▶ _EXERCISE DESCRIPTION_
Provide the number of lines in the records that hold the string "Autodesk", without any other words.

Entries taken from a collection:

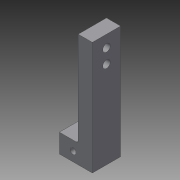
# Autodesk Inventor part: X_Rail_Belt_Pulley_Connector
Saved by Autodesk Inventor 2015 (Build 190159000, 159)
## iProperties
Created: 2017-02-16
Part Number: X_Rail_Belt_Pulley_Connector
Material: Generic
Document SubType Name: Modeling
Designer: Guy
Density: 1 g/cm^3
Appearance: Default
Mass: 41.0677 g
Surface Area: 102.64 cm^2
Volume: 41.0677 cm^3
Author: Guy
Autodesk Inventor part; units mm, degrees
ref_plane "YZ Plane" through (0, 0, 0) normal (1, 0, 0) x (0, 1, 0)
ref_plane "XZ Plane" through (0, 0, 0) normal (0, 1, 0) x (-1, 0, 0)
ref_plane "XY Plane" through (0, 0, 0) normal (0, 0, 1) x (1, 0, 0)
sketch "Sketch1" plane through (0, 0, 0) normal (0, 0, 1) x (1, 0, 0)
  line L0 (0, 0) -> (35, 0)
  line L1 (35, 0) -> (35, 30)
  line L2 (35, 30) -> (0, 30)
  line L3 (0, 30) -> (0, 0)
  dimension "d0" = 35
  dimension "d1" = 30
  constraints: 8 end point, 2 parallel, 1 horizontal, 1 perpendicular
  measures "d0" distance of L1.end L2.end
  measures "d1" distance of L0.end L1.end
extrude "Extrusion1" add sketch "Sketch1" along normal blind 110
sketch "Sketch2" plane through (0, 0, 110) normal (0, 0, 1) x (1, 0, 0)
  line L0 (0, 0) -> (35, 0) projected
  line L1 (35, 0) -> (35, 30) projected
  line L2 (35, 30) -> (0, 30) projected
  line L3 (0, 30) -> (0, 0) projected
  line L4 (0, 0) -> (35, 0) projected
  line L5 (35, 30) -> (20, 30)
  line L6 (20, 30) -> (20, 0)
  line L7 (20, 0) -> (35, 0)
  line L8 (35, 0) -> (35, 30)
  dimension "d4" = 15
  constraints: 8 end point, 2 parallel, 1 horizontal, 1 perpendicular, 1 point on line
  measures "d4" distance between parallel lines of L6 L1
extrude "Extrusion2" cut sketch "Sketch2" against normal blind 90 contours L3 L2 L6 L0
sketch "Sketch3" plane through (35, 0, 0) normal (1, 0, 0) x (0, 0, -1)
  line L0 (0, 0) -> (0, 30) projected
  line L1 (0, 30) -> (-110, 30) projected
  line L2 (-110, 0) -> (-110, 30) projected
  line L3 (0, 0) -> (-110, 0) projected
  circle A0 centre (-97.5, 15) radius 4
  circle A1 centre (-82.5, 15) radius 4
  point P0 (0, 0)
  dimension "d9" = 15
  dimension "d10" = 15
  dimension "d11" = 12.5
  dimension "d12" = 15
  dimension "d13" = 8
  dimension "d14" = 8
  constraints: 2 centre point
  measures "d9" distance from line of A0.centre L1
  measures "d10" distance from line of A1.centre L1
  measures "d11" distance from line of A0.centre L2
  measures "d12" distance of A0.centre A1.centre
  measures "d13" diameter of A0
  measures "d14" diameter of A1
extrude "Extrusion3" cut sketch "Sketch3" against normal up to next contours A0 | A1
sketch "Sketch4" plane through (0, 30, 0) normal (0, 1, 0) x (1, 0, 0)
  circle A0 centre (14.5, -10) radius 3.175
  line L0 (0, 0) -> (0, -20) projected
  line L1 (0, -20) -> (20, -20) projected
  line L2 (35, 0) -> (0, 0) projected
  dimension "d17" = 6.35
  dimension "d18" = 14.5
  dimension "d23" = 10
  constraints: 1 centre point
  measures "d17" diameter of A0
  measures "d18" distance from line of L0 A0.centre
  measures "d23" distance from line of L2 A0.centre
extrude "Extrusion4" cut sketch "Sketch4" against normal up to next
fillet "Fillet1" radius 2 1 edges at (20, 15, 20)
body "Solid1"

▶ _FINISHED TASK_
3